Monday, 15 February 2016

48 hours in Phnom Penh after seeing The Killing Fields

I get up early and have a coffee on the balcony just because the temperature is PERFECT at this hour.  I don't have to disturb any sleeping receptionists when heading for breakfast at 7 am today.  

Breakfast is ample and included in the room rate, which for last night was $0.00, thanks to accumulated Expedia points.

So here I am sitting in the perfect temperature with a view of palm trees lining a river, eating a free breakfast, and a very good looking Cambodian in his mid to late 20s enters the breakfast room with a shoe-shine box and a discouraged facial expression because he instantly sees that all eaters where sandals, and who has ever had their sandals polished? 

If Lenny Kravitz can do  it ......

It's heartbreaking and I wish I was wearing high leather boots to give the guy some work, even if such footwear would look just a tiny bit out of place around here.

Indochina trips seem to be fatal for my mechanical and electronic devices.  My cell phone died in the Reunification Express in December and maybe yesterdays sweaty cycling is responsible for the demise of my 1960s mechanically self-winding Gruen watch.  It just stopped last night.  I have more than enough watches at home to take its place, but I got used to looking at my wrist to tell the time instead of submitting to the newfangled cell-phone time checking. Call me old-fashioned, if you want, but I'll just hear older and fashionable ;-)

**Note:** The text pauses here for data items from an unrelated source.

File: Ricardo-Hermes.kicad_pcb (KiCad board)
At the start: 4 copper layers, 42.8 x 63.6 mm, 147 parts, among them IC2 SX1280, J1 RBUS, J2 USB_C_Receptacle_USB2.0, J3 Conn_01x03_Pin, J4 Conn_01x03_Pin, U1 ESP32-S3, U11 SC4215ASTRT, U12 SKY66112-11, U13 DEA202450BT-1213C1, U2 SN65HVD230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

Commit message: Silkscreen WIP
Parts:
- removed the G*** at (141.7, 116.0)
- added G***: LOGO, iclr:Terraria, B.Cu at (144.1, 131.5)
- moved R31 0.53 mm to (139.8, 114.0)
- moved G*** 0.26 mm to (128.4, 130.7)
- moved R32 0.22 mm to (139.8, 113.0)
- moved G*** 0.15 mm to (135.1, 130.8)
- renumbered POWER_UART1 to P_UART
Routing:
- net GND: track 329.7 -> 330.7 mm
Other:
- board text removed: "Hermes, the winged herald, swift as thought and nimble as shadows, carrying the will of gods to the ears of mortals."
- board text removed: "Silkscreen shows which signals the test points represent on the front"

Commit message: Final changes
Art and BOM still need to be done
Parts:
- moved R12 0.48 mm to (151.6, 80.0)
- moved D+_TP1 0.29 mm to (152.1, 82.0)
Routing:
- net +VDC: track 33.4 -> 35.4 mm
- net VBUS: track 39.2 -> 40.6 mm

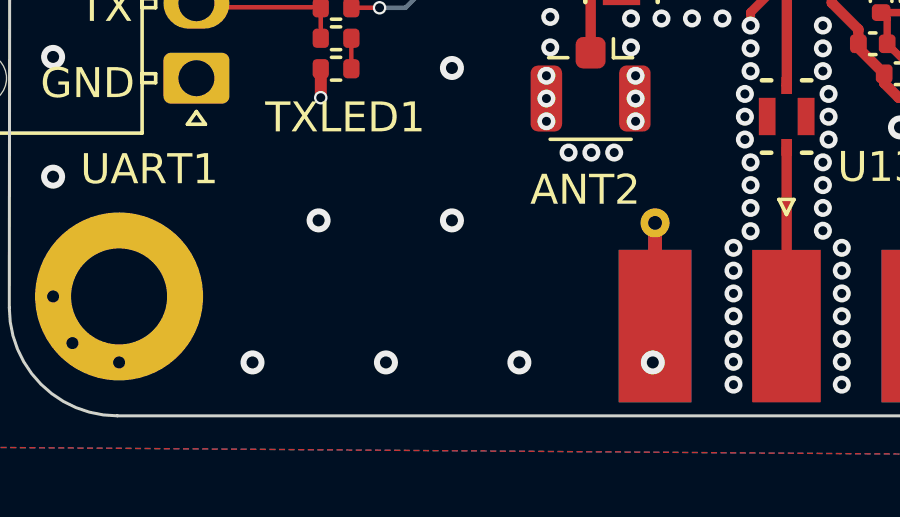
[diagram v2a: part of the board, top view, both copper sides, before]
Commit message: Silkscreen changes
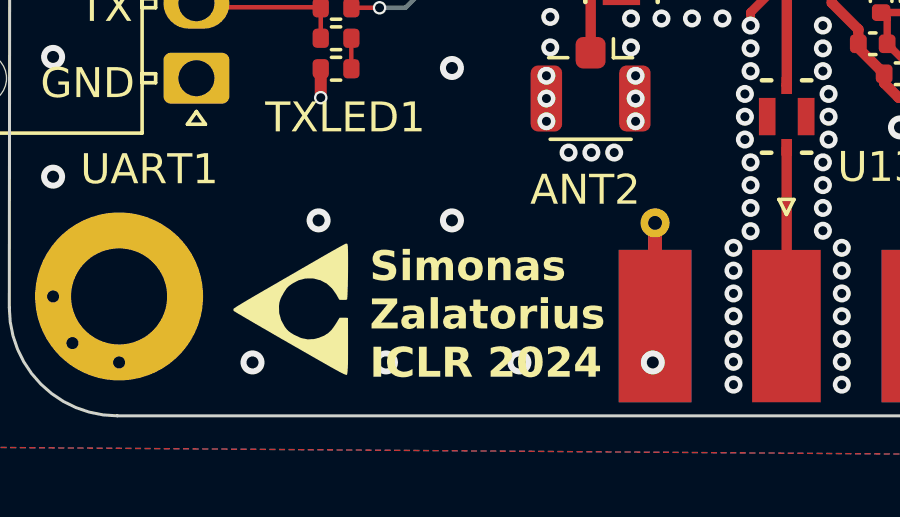
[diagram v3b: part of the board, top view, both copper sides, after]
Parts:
- added G***: LOGO, iclr:trilogo, F.Cu at (128.6, 130.8)
- added G***: LOGO, iclr:HermesArt, B.Cu at (139.9, 99.4)
- G***: moved to F.Cu
- moved G*** 0.48 mm to (144.6, 131.5), turned to 0 degrees
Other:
- board text added: "Hermes"
- board text added: "Simonas Zalatorius ICLR 2024"
- board text added: "V1"
- board text removed: "Hermes V1"

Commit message: Post Review changes, more to come...
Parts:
- removed CS1, MISO1, MOSI1, SCK1: TestPoint, TestPoint:TestPoint_Pad_D1.0mm
- moved R25 11.2 mm to (141.1, 101.3), turned to 90 degrees
- moved R30 10.6 mm to (144.1, 101.3), turned to 90 degrees
- moved R26 10.6 mm to (142.1, 101.3), turned to 90 degrees
- moved R29 10.4 mm to (143.1, 101.3), turned to 90 degrees
- moved R35 5.95 mm to (135.0, 106.7)
- moved C16 5.30 mm to (126.6, 86.1), turned to 0 degrees
- moved C15 4.65 mm to (124.7, 86.1), turned to 180 degrees
- moved C5 4.00 mm to (136.0, 101.7), turned to 180 degrees
- moved DIO2 3.47 mm to (148.2, 101.0)
- moved R38 3.27 mm to (147.3, 103.9)
- moved C4 2.11 mm to (136.0, 102.8)
- moved C9 2.11 mm to (137.3, 99.6)
- moved L4 1.96 mm to (142.9, 107.1)
- moved C54 1.91 mm to (146.0, 106.4)
- moved C57 1.87 mm to (145.0, 106.9)
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- renumbered P_UART to POWER_UART1
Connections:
- CHL1 pad 1: CHL -> CTX
- CTX1 pad 1: CTX -> CHL
- R25 pad 2: Net-(U1-SPICS0/GPIO29) -> Net-(U1-GPIO1/ADC1_CH0)
- R26 pad 2: Net-(U1-SPICLK/GPIO30) -> Net-(U1-GPIO2/ADC1_CH1)
- R29 pad 2: Net-(U1-SPIQ/GPIO31) -> Net-(U1-GPIO4/ADC1_CH3)
- R30 pad 2: Net-(U1-SPID/GPIO32) -> Net-(U1-GPIO5/ADC1_CH4)
- U1 pad 10: DIO3 -> Net-(U1-GPIO5/ADC1_CH4)
- U1 pad 11: DIO1 -> unconnected-(U1-GPIO6/ADC1_CH5-Pad11)
- U1 pad 12: SX_BUSY -> DIO3
- U1 pad 13: unconnected-(U1-GPIO8/ADC1_CH7-Pad13) -> DIO2
- U1 pad 14: unconnected-(U1-GPIO9/ADC1_CH8-Pad14) -> DIO1
- U1 pad 15: unconnected-(U1-GPIO10/ADC1_CH9-Pad15) -> SX_BUSY
- U1 pad 17: CTX -> CHL
- U1 pad 18: CHL -> CTX
- U1 pad 32: Net-(U1-SPICS0/GPIO29) -> unconnected-(U1-SPICS0/GPIO29-Pad32)
- U1 pad 33: Net-(U1-SPICLK/GPIO30) -> unconnected-(U1-SPICLK/GPIO30-Pad33)
- U1 pad 34: Net-(U1-SPIQ/GPIO31) -> unconnected-(U1-SPIQ/GPIO31-Pad34)
- U1 pad 35: Net-(U1-SPID/GPIO32) -> unconnected-(U1-SPID/GPIO32-Pad35)
- U1 pad 6: unconnected-(U1-GPIO1/ADC1_CH0-Pad6) -> Net-(U1-GPIO1/ADC1_CH0)
- U1 pad 7: unconnected-(U1-GPIO2/ADC1_CH1-Pad7) -> Net-(U1-GPIO2/ADC1_CH1)
- U1 pad 9: DIO2 -> Net-(U1-GPIO4/ADC1_CH3)
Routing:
- net CS: track 34.1 -> 16.6 mm, vias 2 -> 0
- net SCK: track 31.8 -> 15.4 mm, vias 2 -> 0
- net MOSI: track 28.8 -> 14.4 mm, vias 2 -> 0
- net MISO: track 26.0 -> 13.3 mm, vias 2 -> 0
- net VAA: track 60.3 -> 50.0 mm
- net CHL: track 40.9 -> 32.9 mm
- net VDDF: track 26.6 -> 32.9 mm, vias 2 -> 3
- net SX_BUSY: track 15.5 -> 10.0 mm, vias 2 -> 1
- net GND: track 330.9 -> 326.9 mm, vias 189 -> 200
- net CPS: track 39.4 -> 36.8 mm
- net +3V3: track 129.2 -> 131.5 mm, vias 9 -> 10
- net CRX: track 41.4 -> 43.6 mm
- net ANT_SEL: track 47.5 -> 49.5 mm
- net CTX: track 36.0 -> 34.0 mm
- net Net-(U1-SPICS0/GPIO29): track 1.95 -> 0.00 mm
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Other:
- board text added: "Simonas Zalatorius ICLR 2024 Electronics"
- board text removed: "Simonas Zalatorius ICLR 2024"

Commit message: Tidying up
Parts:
- moved DIO1 4.21 mm to (153.5, 101.0)
- moved RXD_1 2.62 mm to (152.0, 104.3)
- moved R36 1.96 mm to (149.6, 103.3), turned to 0 degrees
- moved R37 1.30 mm to (149.6, 104.3)
- moved TXD_1 1.05 mm to (152.0, 103.3)
- moved H1 0.44 mm to (121.7, 74.6)
- moved H3 0.42 mm to (121.7, 130.6)
- moved ANT1 0.40 mm to (145.8, 129.5)
- moved R38 0.19 mm to (147.2, 103.8)
- moved D-_TP1 0.18 mm to (152.1, 88.2)
- moved DIO3_D1 0.14 mm to (146.2, 103.8)
- moved H2 0.12 mm to (157.7, 74.6)
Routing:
- net SX_BUSY: track 10.0 -> 14.6 mm, vias 1 -> 2
- net GND: track 326.9 -> 330.7 mm, vias 200 -> 201
- net +3V3: track 131.5 -> 128.9 mm
- net VAA: track 50.0 -> 51.0 mm
- net DIO1: track 19.9 -> 19.1 mm, vias 1 -> 0
- net DIO3: track 13.3 -> 14.0 mm
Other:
- board size 42.8 x 63.6 mm -> 43 x 63 mm
- board text added: "JLCJLCJLCJLC"

I actually visit a proper watch store where they want $1000 for a Mido, Rado, or Longines watch, but they all have become ugly over the last 50 years.  The cheapest 'time piece' they have is some brand I have never heard of at US$150 and even that's not pretty.  I noticed watch grab bins at the central market close by on the way here and I buy a Patek Phillipe for $20.
Mine looks quite similar to this original.  1972. US$ 5,800
OF COURSE the watch I bought is a COPY.  But its simple face at least exudes some kind of style, without the now fashionable half-inch-thick 'time-pieces' with the diameters of saucers.   

My new hotel doesn't have anyone at the front desk until 11 am, so I still don't know when I can move.  If worse comes to worst, I can always cycle back to the killing fields tomorrow before my flight.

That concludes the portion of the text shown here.